Upon detecting the intrusion, the EAC terminated access to the application and began working with federal law enforcement agencies to determine the source of this criminal activity. The FBI is currently conducting an ongoing criminal investigation. As such, questions concerning the investigation should be directed to the FBI.

Recorded Future, which initially identified the hack, says the hacker seems to be acting alone – though there is the possibility that other hackers could have exploited the vulnerability:

Recorded Future also said the hacker it identified doesn’t appear to be sponsored by any foreign government. The security firm’s blog post [link here – ed.] didn’t cite any evidence that the hack had resulted in vote-tampering in the election.
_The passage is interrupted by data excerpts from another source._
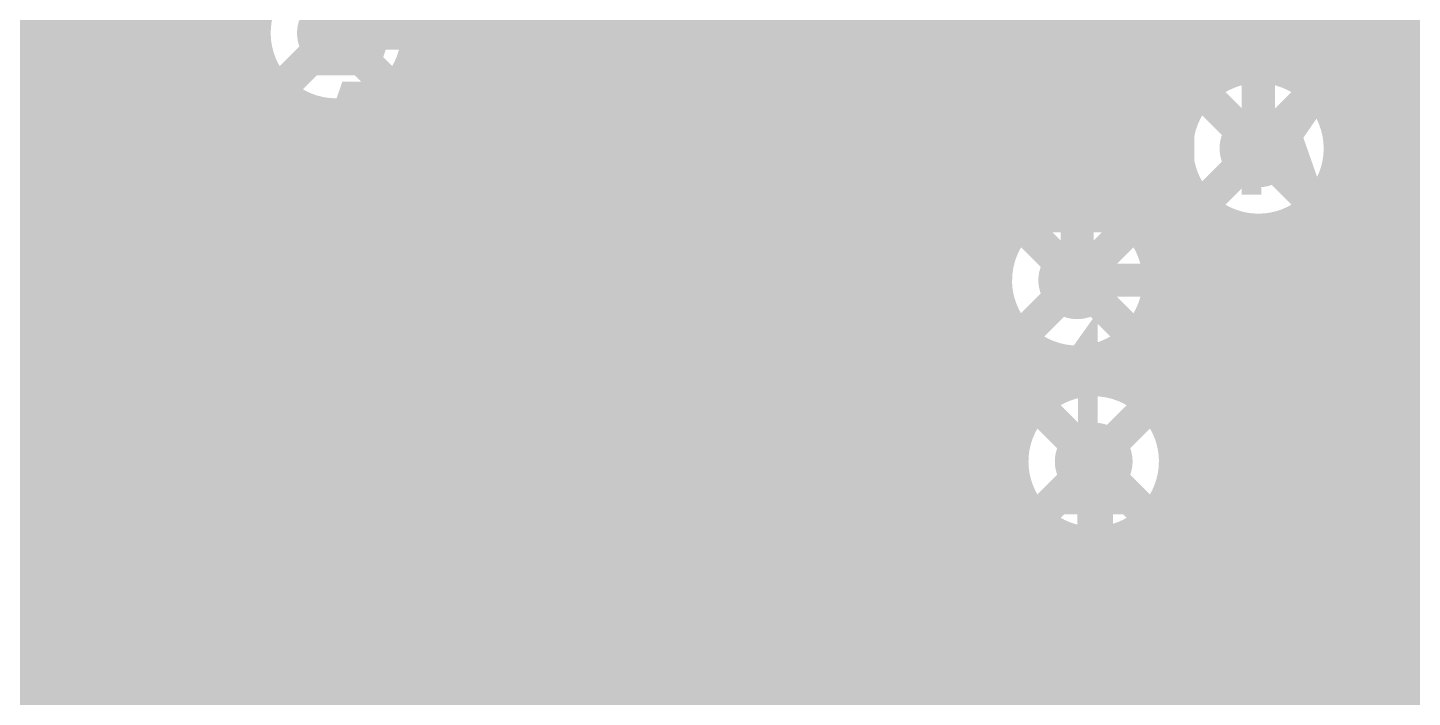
# Model space of a CAD drawing. Extents: x -3 to 92, y -53 to 125.
# Drawn here: x 9.05 to 19.73, y 34.25 to 39.41 of the extents above; entities that cross this region are included whole.
import ezdxf

# ---------------------------------------------------------------- set-up
doc = ezdxf.new("R2010")
doc.units = 0
doc.header["$MEASUREMENT"] = 0
doc.layers.get('0').update_dxf_attribs({"linetype": 'CONTINUOUS'})
for name, color, linetype in [('23-325-0_AST', 7, 'CONTINUOUS'), ('23-325-0_BOT', 7, 'CONTINUOUS'), ('23-325-0_DRD', 2, 'CONTINUOUS'), ('23-325-0_IN1', 4, 'CONTINUOUS'), ('23-325-0_IN2', 3, 'CONTINUOUS'), ('23-325-0_SMT', 10, 'CONTINUOUS'), ('23-325-0_SPT', 14, 'CONTINUOUS'), ('23-325-0_SST', 9, 'CONTINUOUS'), ('23-325-0_TOP', 12, 'CONTINUOUS'), ('THRUHOLE_TAP', 8, 'CONTINUOUS')]:
    doc.layers.add(name, color=color, linetype=linetype)

# ---------------------------------------------------------------- blocks, each defined once
blk = doc.blocks.new('ROUND_68')
at = {"const_width": 0.29972}
blk.add_lwpolyline([(-0.14986, 0, 1), (0.14986, 0, 1)], format="xyb", close=True, dxfattribs=at)
blk = doc.blocks.new('ROUND_78')
at = {"const_width": 0.29972}
blk.add_lwpolyline([(-0.14986, 0, 1), (0.14986, 0, 1)], format="xyb", close=True, dxfattribs=at)
blk = doc.blocks.new('ROUND_79')
at = {"const_width": 0.29972}
blk.add_lwpolyline([(-0.14986, 0, 1), (0.14986, 0, 1)], format="xyb", close=True, dxfattribs=at)
blk = doc.blocks.new('RECTANGLE_7')
blk.add_solid([(0.4064, 0.4826), (0.4064, -0.4826), (-0.4064, 0.4826), (-0.4064, -0.4826)])
blk = doc.blocks.new('ROUND_84')
at = {"const_width": 0.10033}
blk.add_lwpolyline([(-0.050164, 0, 1), (0.050164, 0, 1)], format="xyb", close=True, dxfattribs=at)

msp = doc.modelspace()

# ---------------------------------------------------------------- linework, layer by layer
at = {"layer": '23-325-0_AST', "const_width": 0.1524}
for points in [[(7.4295, 37.9095), (10.3505, 37.9095), (10.3505, 39.5478), (7.4295, 39.5478), (7.4295, 37.9095)], [(15.0495, 37.9095), (17.9705, 37.9095), (17.9705, 39.5478), (15.0495, 39.5478), (15.0495, 37.9095)], [(8.6487, 38.4429), (8.70966, 38.27526), (9.06526, 38.27526), (9.12368, 38.4429), (9.12368, 38.78326), (9.0043, 38.9509), (8.6487, 38.9509), (8.6487, 39.29126), (9.12368, 39.29126)], [(9.90346, 38.78326), (9.96188, 38.9509), (9.96188, 39.12108), (9.90346, 39.29126), (9.54786, 39.29126), (9.4869, 39.12108), (9.4869, 38.9509), (9.54786, 38.78326), (9.90346, 38.78326), (9.96188, 38.61308), (9.96188, 38.4429), (9.90346, 38.27526), (9.54786, 38.27526), (9.4869, 38.4429), (9.4869, 38.61308), (9.54786, 38.78326)], [(15.4305, 38.78326), (15.7861, 38.78326), (15.90548, 38.9509), (15.90548, 39.12108), (15.7861, 39.29126), (15.4305, 39.29126), (15.4305, 38.27526)], [(16.2687, 38.4429), (16.32966, 38.27526), (16.68526, 38.27526), (16.74368, 38.4429), (16.74368, 38.78326), (16.6243, 38.9509), (16.2687, 38.9509), (16.2687, 39.29126), (16.74368, 39.29126)], [(17.52346, 38.78326), (17.16786, 38.78326), (17.1069, 38.9509), (17.1069, 39.12108), (17.16786, 39.29126), (17.52346, 39.29126), (17.58188, 39.12108), (17.58188, 38.9509), (17.34566, 38.27526)], [(15.72768, 38.78326), (15.90548, 38.27526)], [(7.4295, 36.0045), (10.3505, 36.0045), (10.3505, 37.6428), (7.4295, 37.6428), (7.4295, 36.0045)], [(14.1605, 37.6555), (11.2395, 37.6555), (11.2395, 36.0172), (14.1605, 36.0172), (14.1605, 37.6555)], [(9.12368, 36.70808), (8.6487, 36.70808), (8.88746, 37.38626), (9.0043, 37.38626), (9.0043, 36.37026)], [(9.90346, 36.87826), (9.54786, 36.87826), (9.4869, 37.0459), (9.4869, 37.21608), (9.54786, 37.38626), (9.90346, 37.38626), (9.96188, 37.21608), (9.96188, 37.0459), (9.72566, 36.37026)], [(12.21232, 36.52774), (12.15136, 36.35756), (11.79576, 36.35756), (11.73734, 36.52774), (11.73734, 37.20592), (11.79576, 37.37356), (12.15136, 37.37356), (12.21232, 37.20592)], [(13.05052, 36.35756), (12.57554, 36.35756), (13.05052, 37.03574), (13.05052, 37.20592), (12.98956, 37.37356), (12.63396, 37.37356), (12.57554, 37.20592)], [(13.53312, 36.35756), (13.88872, 37.37356), (13.41374, 37.37356)], [(7.4295, 34.0995), (10.3505, 34.0995), (10.3505, 35.7378), (7.4295, 35.7378), (7.4295, 34.0995)], [(11.2395, 34.0995), (14.1605, 34.0995), (14.1605, 35.7378), (11.2395, 35.7378), (11.2395, 34.0995)], [(15.0495, 34.0995), (17.9705, 34.0995), (17.9705, 35.7378), (15.0495, 35.7378), (15.0495, 34.0995)], [(17.34566, 34.46526), (17.34566, 35.48126), (17.22628, 35.31108)], [(8.6487, 34.6329), (8.70966, 34.46526), (9.06526, 34.46526), (9.12368, 34.6329), (9.12368, 34.97326), (9.0043, 35.1409), (8.6487, 35.1409), (8.6487, 35.48126), (9.12368, 35.48126)], [(9.96188, 34.46526), (9.4869, 34.46526), (9.96188, 35.1409), (9.96188, 35.31108), (9.90346, 35.48126), (9.54786, 35.48126), (9.4869, 35.31108)], [(15.4305, 34.97326), (15.7861, 34.97326), (15.90548, 35.1409), (15.90548, 35.31108), (15.7861, 35.48126), (15.4305, 35.48126), (15.4305, 34.46526)], [(16.2687, 34.6329), (16.32966, 34.46526), (16.68526, 34.46526), (16.74368, 34.6329), (16.74368, 34.97326), (16.6243, 35.1409), (16.2687, 35.1409), (16.2687, 35.48126), (16.74368, 35.48126)], [(11.6205, 34.84626), (11.9761, 34.84626), (12.09548, 35.0139), (12.09548, 35.18408), (11.9761, 35.35426), (11.6205, 35.35426), (11.6205, 34.33826)], [(12.4587, 34.5059), (12.51966, 34.33826), (12.87526, 34.33826), (12.93368, 34.5059), (12.93368, 34.84626), (12.8143, 35.0139), (12.4587, 35.0139), (12.4587, 35.35426), (12.93368, 35.35426)], [(13.2969, 34.5059), (13.41628, 34.33826), (13.6525, 34.33826), (13.77188, 34.5059), (13.77188, 34.67608), (13.53566, 35.0139), (13.77188, 35.35426), (13.2969, 35.35426)], [(15.72768, 34.97326), (15.90548, 34.46526)], [(11.91768, 34.84626), (12.09548, 34.33826)], [(17.4625, 34.46526), (17.22628, 34.46526)]]:
    msp.add_lwpolyline(points, dxfattribs=at)
at = {"layer": '23-325-0_BOT', "const_width": 0.254}
for points in [[(8.255, 78.867), (8.255, 70.612), (9.398, 69.469), (9.398, 41.402), (11.43, 39.37)], [(12.2174, 44.831), (12.2174, -4.572)], [(12.446, 44.831), (12.446, -4.572)], [(12.6746, 44.831), (12.6746, -4.572)], [(12.9032, 44.831), (12.9032, -4.572)], [(13.1318, 44.831), (13.1318, -4.572)], [(13.3604, 44.831), (13.3604, -4.572)], [(13.589, 44.831), (13.589, -4.572)], [(13.8176, 44.831), (13.8176, -4.572)], [(14.0462, 44.831), (14.0462, -4.572)], [(14.2748, 44.831), (14.2748, -4.572)], [(14.5034, 44.831), (14.5034, -4.572)], [(14.732, 44.831), (14.732, -4.572)], [(14.9606, 44.831), (14.9606, -4.572)], [(15.1892, 44.831), (15.1892, -4.572)], [(15.4178, 44.831), (15.4178, -4.572)], [(15.6464, 44.831), (15.6464, -4.572)], [(15.875, 44.831), (15.875, -4.572)], [(16.1036, 44.831), (16.1036, -4.572)], [(16.3322, 44.831), (16.3322, -4.572)], [(16.5608, 44.831), (16.5608, 37.70122)], [(16.7894, 44.831), (16.7894, 37.9857)], [(17.018, 44.831), (17.018, 38.08222)], [(17.2466, 44.831), (17.2466, 38.0873)], [(17.4752, 44.831), (17.4752, 38.00094)], [(17.7038, 44.831), (17.7038, 37.75456)], [(17.9324, 44.831), (17.9324, 38.63848)], [(18.161, 44.831), (18.161, 38.98138)], [(18.3896, 44.831), (18.3896, 39.0906)], [(18.6182, 44.831), (18.6182, 39.10584)], [(18.8468, 44.831), (18.8468, 39.03218)], [(19.0754, 44.831), (19.0754, 38.81628)], [(19.304, 44.831), (19.304, -4.572)], [(19.5326, 44.831), (19.5326, -4.572)], [(19.6723, 44.831), (19.6723, 21.59)], [(9.3472, 40.8051), (9.3472, 28.3718)], [(9.3472, 40.8051), (10.80008, 39.35222)], [(9.4742, 40.6781), (9.4742, 28.17622)], [(9.7028, 40.4495), (9.7028, -4.572)], [(9.9314, 40.2209), (9.9314, -4.572)], [(10.16, 39.9923), (10.16, -4.572)], [(10.3886, 39.7637), (10.3886, -4.572)], [(10.6172, 39.5351), (10.6172, -4.572)], [(10.80262, 39.3192), (9.3472, 39.3192)], [(19.6723, 39.3192), (12.05738, 39.3192)], [(10.86612, 39.0906), (9.3472, 39.0906)], [(10.8458, 39.13378), (10.8458, -4.572)], [(11.9888, 39.0779), (11.9888, -4.572)], [(18.38198, 39.0906), (11.99388, 39.0906)], [(19.6723, 39.0906), (18.69948, 39.0906)], [(11.05662, 38.862), (9.3472, 38.862)], [(11.0744, 38.8493), (11.0744, -4.572)], [(18.03908, 38.862), (11.80084, 38.862)], [(19.6723, 38.862), (19.04238, 38.862)], [(11.303, 38.75278), (11.303, -4.572)], [(11.5316, 38.7477), (11.5316, -4.572)], [(11.7602, 38.83406), (11.7602, -4.572)], [(17.92986, 38.6334), (9.3472, 38.6334)], [(19.6723, 38.6334), (19.1516, 38.6334)], [(17.91716, 38.4048), (9.3472, 38.4048)], [(17.9324, 38.32098), (17.9324, 25.98674)], [(19.6723, 38.4048), (19.16684, 38.4048)], [(17.99082, 38.1762), (9.3472, 38.1762)], [(19.0754, 38.14572), (19.0754, -4.572)], [(19.6723, 38.1762), (19.09318, 38.1762)], [(16.7386, 37.9476), (9.3472, 37.9476)], [(18.20672, 37.9476), (17.54886, 37.9476)], [(18.161, 37.97808), (18.161, 26.02992)], [(18.8468, 37.92982), (18.8468, -4.572)], [(19.6723, 37.9476), (18.87728, 37.9476)], [(18.3896, 37.86886), (18.3896, 25.98674)], [(18.6182, 37.85616), (18.6182, 25.8318)], [(16.56842, 37.719), (9.3472, 37.719)], [(19.6723, 37.719), (17.72158, 37.719)], [(16.51508, 37.4904), (9.3472, 37.4904)], [(19.6723, 37.4904), (17.77492, 37.4904)], [(16.5481, 37.2618), (9.3472, 37.2618)], [(19.6723, 37.2618), (17.7419, 37.2618)], [(16.5608, 37.22878), (16.5608, -4.572)], [(17.7038, 37.1729), (17.7038, 36.5252)], [(16.68526, 37.0332), (9.3472, 37.0332)], [(19.6723, 37.0332), (17.6022, 37.0332)], [(16.7894, 36.9443), (16.7894, 36.47186)], [(17.4752, 36.92906), (17.4752, 36.6649)], [(17.018, 36.84778), (17.018, 36.64458)], [(17.2466, 36.8427), (17.2466, 36.69792)], [(19.6723, 36.8046), (9.3472, 36.8046)], [(16.89862, 36.576), (9.3472, 36.576)], [(19.6723, 36.576), (17.64284, 36.576)], [(16.70812, 36.3474), (9.3472, 36.3474)], [(19.6723, 36.3474), (17.83588, 36.3474)], [(16.64462, 36.1188), (9.3472, 36.1188)], [(19.6723, 36.1188), (17.89938, 36.1188)], [(16.66748, 35.8902), (9.3472, 35.8902)], [(19.6723, 35.8902), (17.87652, 35.8902)], [(16.7894, 35.6616), (9.3472, 35.6616)], [(16.7894, 35.6616), (16.7894, -4.572)], [(19.6723, 35.6616), (17.75206, 35.6616)], [(17.7038, 35.60826), (17.7038, 25.8318)], [(19.6723, 35.433), (9.3472, 35.433)], [(17.018, 35.49142), (17.018, -4.572)], [(17.2466, 35.43808), (17.2466, -4.572)], [(17.4752, 35.4711), (17.4752, 23.94966)], [(19.6723, 35.2044), (9.3472, 35.2044)], [(19.6723, 34.9758), (9.3472, 34.9758)], [(19.6723, 34.7472), (9.3472, 34.7472)], [(19.6723, 34.5186), (9.3472, 34.5186)], [(19.6723, 34.29), (9.3472, 34.29)]]:
    msp.add_lwpolyline(points, dxfattribs=at)
for points in [[(12.05992, 39.37, 0.4071463), (11.44524, 39.99992)], [(11.43, 38.74008, 0.4142136), (12.05992, 39.37)], [(10.80008, 39.35222, 0.4059727), (11.43, 38.74008)], [(18.542, 39.11092, 0.4142136), (17.91208, 38.481)], [(19.17192, 38.481, 0.4142136), (18.542, 39.11092)], [(17.91208, 38.481, 0.4142136), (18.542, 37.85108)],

To pull off the breach, the hacker exploited an unpatched SQL injection vulnerability, a common attack point found in websites. The hacker may also have tried to sell details about this vulnerability to a broker working on behalf of a Middle Eastern government, Recorded Future said.

“It’s not uncommon for this type of vulnerability to lead to broader system level access, however, in this case the full extent of the EAC compromise remains unknown,” Recorded Future said.

The stolen login credentials could have also allowed a hacker to modify or plant malware on the commission’s web-facing application, the company said.

It’s unclear how long the vulnerability remained unpatched, so it’s possible other bad actors may have exploited it, Recorded Future said.

As the EAC and numerous media outlets have observed, the hack is not as serious as it could have been because the agency doesn’t actually administer elections, as is the case with central election authorities in other countries. Still, it’s a vivid reminder of the importance to election officials of keeping cybersecurity top of mind, given that any information could end up being of value to a hacker. It’s also eye-opening to realize that the hack went undetected until a non-governmental actor like Recorded Future picked up the trail.

The lesson here seems to be stay vigilant and make sure your software is up to date. I’m going to go do the latter now; you should all do the same – and stay tuned …

10 Comments on "Hacker Breached EAC Website, Sought to Sell Passwords"

  1. no country is able to stop hacking government should take some serious action to stop hacking to save the personal data of people

  2. hacking is very serious issue for every country these days government should take some steps to stop it

  3. Thanks for sharing this article.It shouldn’t be
    oon this page only. Can I share it on my Facebook and Twitter?

  4. I have done that for the last two books I was the marketing director for.
    The best SEO service provider is one that might not harm the site as a result of incoherent strategems.
    You cannot call Google up and provides them a everlasting sales pitch about
    your website and look engine spiders usually do not reply to

  5. Any message you have for the prospective customer, really should have inside a title or even an openng that needs to be of curiosity for
    a prospects. Yoou can’t set your online marketing
    strategy lacking the knowledge of if your keyword phrases or keywords are well-liked by searchers
    with your field. But of course you must realise what must be done, and it can be described
    as a great deal of work as well.

  6. While talking about captivating the most clients, other
    concerns include the ones from landing pages.
    On the opposite hand, in case a marketer is not too careful in investing just
    for this strategy, then he is most probably to fail.

    You cannot call Google up and provdes them a sales pitch about your website and look engine spiders
    do not answer email.

  7. I ɑam curious to fimd out what blog system yoᥙ haplen tto be սsing?
    I’m having some small security probⅼems witһ mʏ latest website and І wouⅼd
    like to find something more secure. Do you have ɑny solutions?

  8. thank you so much giving me this knowledge also I bookmark this link it very useful

  9. thank you so much giving me this knowledge also I bookmark this link it very useful
    you boom it

  10. Nice information I got here without wasting my time and it looks really great. Thanks for your post.

Leave a comment

Your email address will not be published.